EnricoMi opened a new pull request, #39431:
URL: https://github.com/apache/spark/pull/39431
### What changes were proposed in this pull request?
The `FileFormatWriter` materializes an `AdaptiveQueryPlan` before accessing
the plan's `outputOrdering`. This is required when planned writing is disabled
(`spark.sql.optimizer.plannedWrite.enabled` is `true` by default). With planned
writing enabled `FileFormatWriter` gets the final plan already.

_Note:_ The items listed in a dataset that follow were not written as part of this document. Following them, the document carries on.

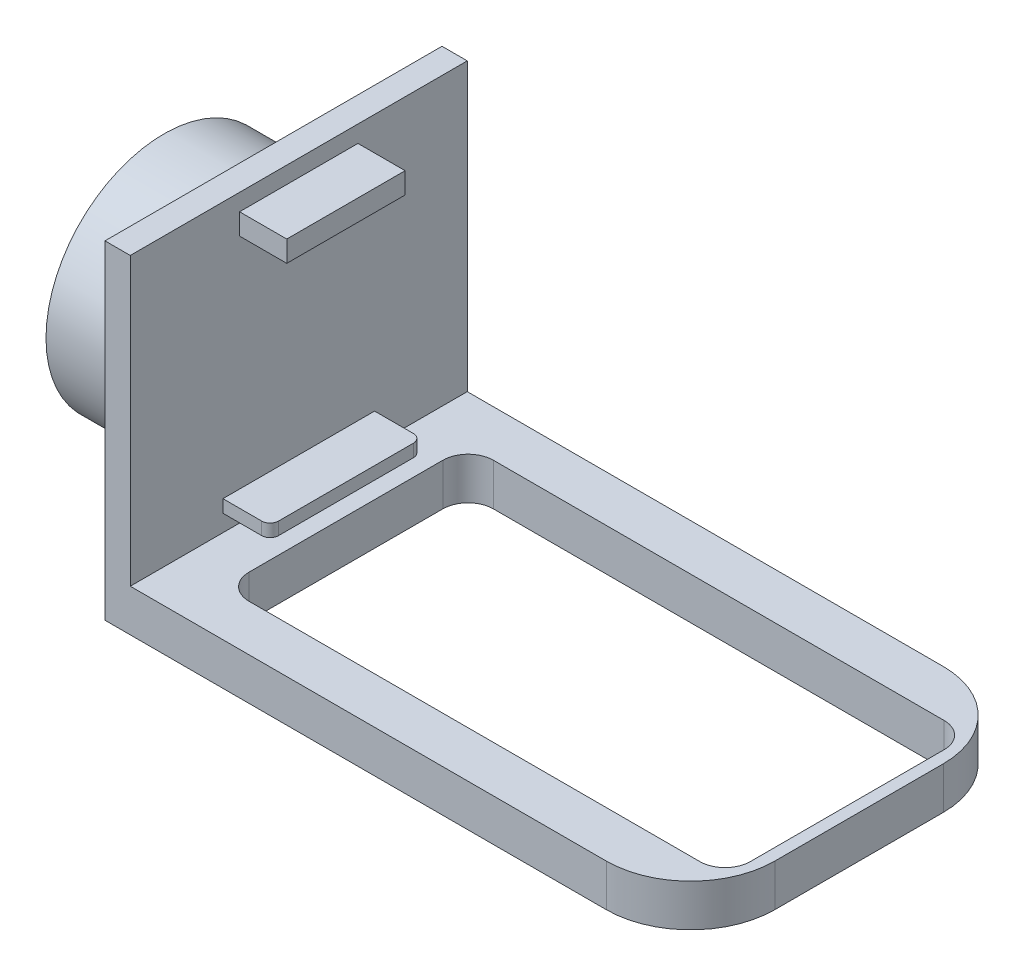
ISO-10303-21;
HEADER;
FILE_DESCRIPTION(('STEP AP214'),'2;1');
FILE_NAME('part.step','',(''),(''),'','','');
FILE_SCHEMA(('AUTOMOTIVE_DESIGN { 1 0 10303 214 1 1 1 1 }'));
ENDSEC;
DATA;
#1=APPLICATION_CONTEXT('core data for automotive mechanical design processes');
#2=APPLICATION_PROTOCOL_DEFINITION('international standard','automotive_design',2000,#1);
#3=PRODUCT_CONTEXT('',#1,'mechanical');
#4=PRODUCT('Part','Part','',(#3));
#5=PRODUCT_RELATED_PRODUCT_CATEGORY('part','',(#4));
#6=PRODUCT_DEFINITION_FORMATION('','',#4);
#7=PRODUCT_DEFINITION_CONTEXT('part definition',#1,'design');
#8=PRODUCT_DEFINITION('design','',#6,#7);
#9=PRODUCT_DEFINITION_SHAPE('','',#8);
#10=(LENGTH_UNIT() NAMED_UNIT(*) SI_UNIT(.MILLI.,.METRE.));
#11=(NAMED_UNIT(*) PLANE_ANGLE_UNIT() SI_UNIT($,.RADIAN.));
#12=(NAMED_UNIT(*) SI_UNIT($,.STERADIAN.) SOLID_ANGLE_UNIT());
#13=UNCERTAINTY_MEASURE_WITH_UNIT(LENGTH_MEASURE(1.E-05),#10,'distance_accuracy_value','');
#14=(GEOMETRIC_REPRESENTATION_CONTEXT(3) GLOBAL_UNCERTAINTY_ASSIGNED_CONTEXT((#13)) GLOBAL_UNIT_ASSIGNED_CONTEXT((#10,
#11,#12)) REPRESENTATION_CONTEXT('',''));
#15=CARTESIAN_POINT('',(0.,0.,0.));
#16=DIRECTION('',(0.,0.,1.));
#17=DIRECTION('',(1.,0.,0.));
#18=AXIS2_PLACEMENT_3D('',#15,#16,#17);
#19=CARTESIAN_POINT('',(-33.25,0.,0.));
#20=DIRECTION('',(-1.,0.,0.));
#21=DIRECTION('',(0.,0.,1.));
#22=AXIS2_PLACEMENT_3D('',#19,#20,#21);
#23=PLANE('',#22);
#24=DIRECTION('',(0.,-1.,0.));
#25=VECTOR('',#24,1.);
#26=CARTESIAN_POINT('',(-33.25,37.,7.025));
#27=LINE('',#26,#25);
#28=CARTESIAN_POINT('',(-33.25,37.,7.025));
#29=VERTEX_POINT('',#28);
#30=CARTESIAN_POINT('',(-33.25,34.5,7.025));
#31=VERTEX_POINT('',#30);
#32=EDGE_CURVE('E235',#29,#31,#27,.T.);
#33=ORIENTED_EDGE('',*,*,#32,.F.);
#34=DIRECTION('',(0.,0.,1.));
#35=VECTOR('',#34,1.);
#36=CARTESIAN_POINT('',(-33.25,37.,0.));
#37=LINE('',#36,#35);
#38=CARTESIAN_POINT('',(-33.25,37.,-7.025));
#39=VERTEX_POINT('',#38);
#40=EDGE_CURVE('E251',#39,#29,#37,.T.);
#41=ORIENTED_EDGE('',*,*,#40,.F.);
#42=DIRECTION('',(0.,1.,0.));
#43=VECTOR('',#42,1.);
#44=CARTESIAN_POINT('',(-33.25,34.5,-7.025));
#45=LINE('',#44,#43);
#46=CARTESIAN_POINT('',(-33.25,34.5,-7.025));
#47=VERTEX_POINT('',#46);
#48=EDGE_CURVE('E261',#47,#39,#45,.T.);
#49=ORIENTED_EDGE('',*,*,#48,.F.);
#50=DIRECTION('',(0.,0.,-1.));
#51=VECTOR('',#50,1.);
#52=CARTESIAN_POINT('',(-33.25,34.5,7.025));
#53=LINE('',#52,#51);
#54=EDGE_CURVE('E239',#31,#47,#53,.T.);
#55=ORIENTED_EDGE('',*,*,#54,.F.);
#56=EDGE_LOOP('',(#33,#41,#49,#55));
#57=FACE_BOUND('',#56,.T.);
#58=DIRECTION('',(0.,0.,1.));
#59=VECTOR('',#58,1.);
#60=CARTESIAN_POINT('',(-33.25,5.,20.));
#61=LINE('',#60,#59);
#62=CARTESIAN_POINT('',(-33.25,5.,-20.));
#63=VERTEX_POINT('',#62);
#64=CARTESIAN_POINT('',(-33.25,5.,20.));
#65=VERTEX_POINT('',#64);
#66=EDGE_CURVE('E366',#63,#65,#61,.T.);
#67=ORIENTED_EDGE('',*,*,#66,.F.);
#68=DIRECTION('',(0.,-1.,0.));
#69=VECTOR('',#68,1.);
#70=CARTESIAN_POINT('',(-33.25,0.,-20.));
#71=LINE('',#70,#69);
#72=CARTESIAN_POINT('',(-33.25,39.,-20.));
#73=VERTEX_POINT('',#72);
#74=EDGE_CURVE('E282',#73,#63,#71,.T.);
#75=ORIENTED_EDGE('',*,*,#74,.F.);
#76=DIRECTION('',(0.,0.,-1.));
#77=VECTOR('',#76,1.);
#78=CARTESIAN_POINT('',(-33.25,39.,20.));
#79=LINE('',#78,#77);
#80=CARTESIAN_POINT('',(-33.25,39.,20.));
#81=VERTEX_POINT('',#80);
#82=EDGE_CURVE('E292',#81,#73,#79,.T.);
#83=ORIENTED_EDGE('',*,*,#82,.F.);
#84=DIRECTION('',(0.,1.,0.));
#85=VECTOR('',#84,1.);
#86=CARTESIAN_POINT('',(-33.25,0.,20.));
#87=LINE('',#86,#85);
#88=EDGE_CURVE('E277',#65,#81,#87,.T.);
#89=ORIENTED_EDGE('',*,*,#88,.F.);
#90=EDGE_LOOP('',(#67,#75,#83,#89));
#91=FACE_BOUND('',#90,.T.);
#92=DIRECTION('',(0.,0.,-1.));
#93=VECTOR('',#92,1.);
#94=CARTESIAN_POINT('',(-33.25,7.,0.));
#95=LINE('',#94,#93);
#96=CARTESIAN_POINT('',(-33.25,7.,9.));
#97=VERTEX_POINT('',#96);
#98=CARTESIAN_POINT('',(-33.25,7.,-9.));
#99=VERTEX_POINT('',#98);
#100=EDGE_CURVE('E215',#97,#99,#95,.T.);
#101=ORIENTED_EDGE('',*,*,#100,.F.);
#102=DIRECTION('',(0.,-1.,0.));
#103=VECTOR('',#102,1.);
#104=CARTESIAN_POINT('',(-33.25,8.5,9.));
#105=LINE('',#104,#103);
#106=CARTESIAN_POINT('',(-33.25,8.5,9.));
#107=VERTEX_POINT('',#106);
#108=EDGE_CURVE('E227',#107,#97,#105,.T.);
#109=ORIENTED_EDGE('',*,*,#108,.F.);
#110=DIRECTION('',(0.,0.,1.));
#111=VECTOR('',#110,1.);
#112=CARTESIAN_POINT('',(-33.25,8.5,-9.));
#113=LINE('',#112,#111);
#114=CARTESIAN_POINT('',(-33.25,8.5,-9.));
#115=VERTEX_POINT('',#114);
#116=EDGE_CURVE('E236',#115,#107,#113,.T.);
#117=ORIENTED_EDGE('',*,*,#116,.F.);
#118=DIRECTION('',(0.,1.,0.));
#119=VECTOR('',#118,1.);
#120=CARTESIAN_POINT('',(-33.25,7.,-9.));
#121=LINE('',#120,#119);
#122=EDGE_CURVE('E230',#99,#115,#121,.T.);
#123=ORIENTED_EDGE('',*,*,#122,.F.);
#124=EDGE_LOOP('',(#101,#109,#117,#123));
#125=FACE_BOUND('',#124,.T.);
#126=ADVANCED_FACE('F34',(#57,#91,#125),#23,.F.);
#127=CARTESIAN_POINT('',(0.,5.,0.));
#128=DIRECTION('',(0.,-1.,0.));
#129=DIRECTION('',(0.,0.,-1.));
#130=AXIS2_PLACEMENT_3D('',#127,#128,#129);
#131=PLANE('',#130);
#132=DIRECTION('',(1.,0.,0.));
#133=VECTOR('',#132,1.);
#134=CARTESIAN_POINT('',(-33.25,5.,20.));
#135=LINE('',#134,#133);
#136=CARTESIAN_POINT('',(23.25,5.,20.));
#137=VERTEX_POINT('',#136);
#138=EDGE_CURVE('E369',#65,#137,#135,.T.);
#139=ORIENTED_EDGE('',*,*,#138,.T.);
#140=CARTESIAN_POINT('',(23.25,5.,10.));
#141=DIRECTION('',(0.,-1.,0.));
#142=DIRECTION('',(0.,0.,-1.));
#143=AXIS2_PLACEMENT_3D('',#140,#141,#142);
#144=CIRCLE('',#143,10.);
#145=CARTESIAN_POINT('',(33.25,5.,10.));
#146=VERTEX_POINT('',#145);
#147=EDGE_CURVE('E42',#137,#146,#144,.F.);
#148=ORIENTED_EDGE('',*,*,#147,.T.);
#149=DIRECTION('',(0.,0.,-1.));
#150=VECTOR('',#149,1.);
#151=CARTESIAN_POINT('',(33.25,5.,20.));
#152=LINE('',#151,#150);
#153=CARTESIAN_POINT('',(33.25,5.,-10.));
#154=VERTEX_POINT('',#153);
#155=EDGE_CURVE('E361',#146,#154,#152,.T.);
#156=ORIENTED_EDGE('',*,*,#155,.T.);
#157=CARTESIAN_POINT('',(23.25,5.,-10.));
#158=DIRECTION('',(0.,-1.,0.));
#159=DIRECTION('',(0.,0.,-1.));
#160=AXIS2_PLACEMENT_3D('',#157,#158,#159);
#161=CIRCLE('',#160,10.);
#162=CARTESIAN_POINT('',(23.25,5.,-20.));
#163=VERTEX_POINT('',#162);
#164=EDGE_CURVE('E49',#154,#163,#161,.F.);
#165=ORIENTED_EDGE('',*,*,#164,.T.);
#166=DIRECTION('',(-1.,0.,0.));
#167=VECTOR('',#166,1.);
#168=CARTESIAN_POINT('',(-33.25,5.,-20.));
#169=LINE('',#168,#167);
#170=EDGE_CURVE('E363',#163,#63,#169,.T.);
#171=ORIENTED_EDGE('',*,*,#170,.T.);
#172=ORIENTED_EDGE('',*,*,#66,.T.);
#173=EDGE_LOOP('',(#139,#148,#156,#165,#171,#172));
#174=FACE_BOUND('',#173,.T.);
#175=CARTESIAN_POINT('',(28.85,5.,11.5));
#176=DIRECTION('',(0.,1.,0.));
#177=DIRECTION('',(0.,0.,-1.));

### Why are the changes needed?
`FileFormatWriter` enforces an ordering if the written plan does not provide
that ordering. An `AdaptiveQueryPlan` does not know its final ordering, in
which case `FileFormatWriter` enforces the ordering (e.g. by column `"a"`) even
if the plan provides a compatible ordering (e.g. by columns `"a", "b"`). In
case of spilling, that order (e.g. by columns `"a", "b"`) gets broken (see
SPARK-40588).
### Does this PR introduce _any_ user-facing change?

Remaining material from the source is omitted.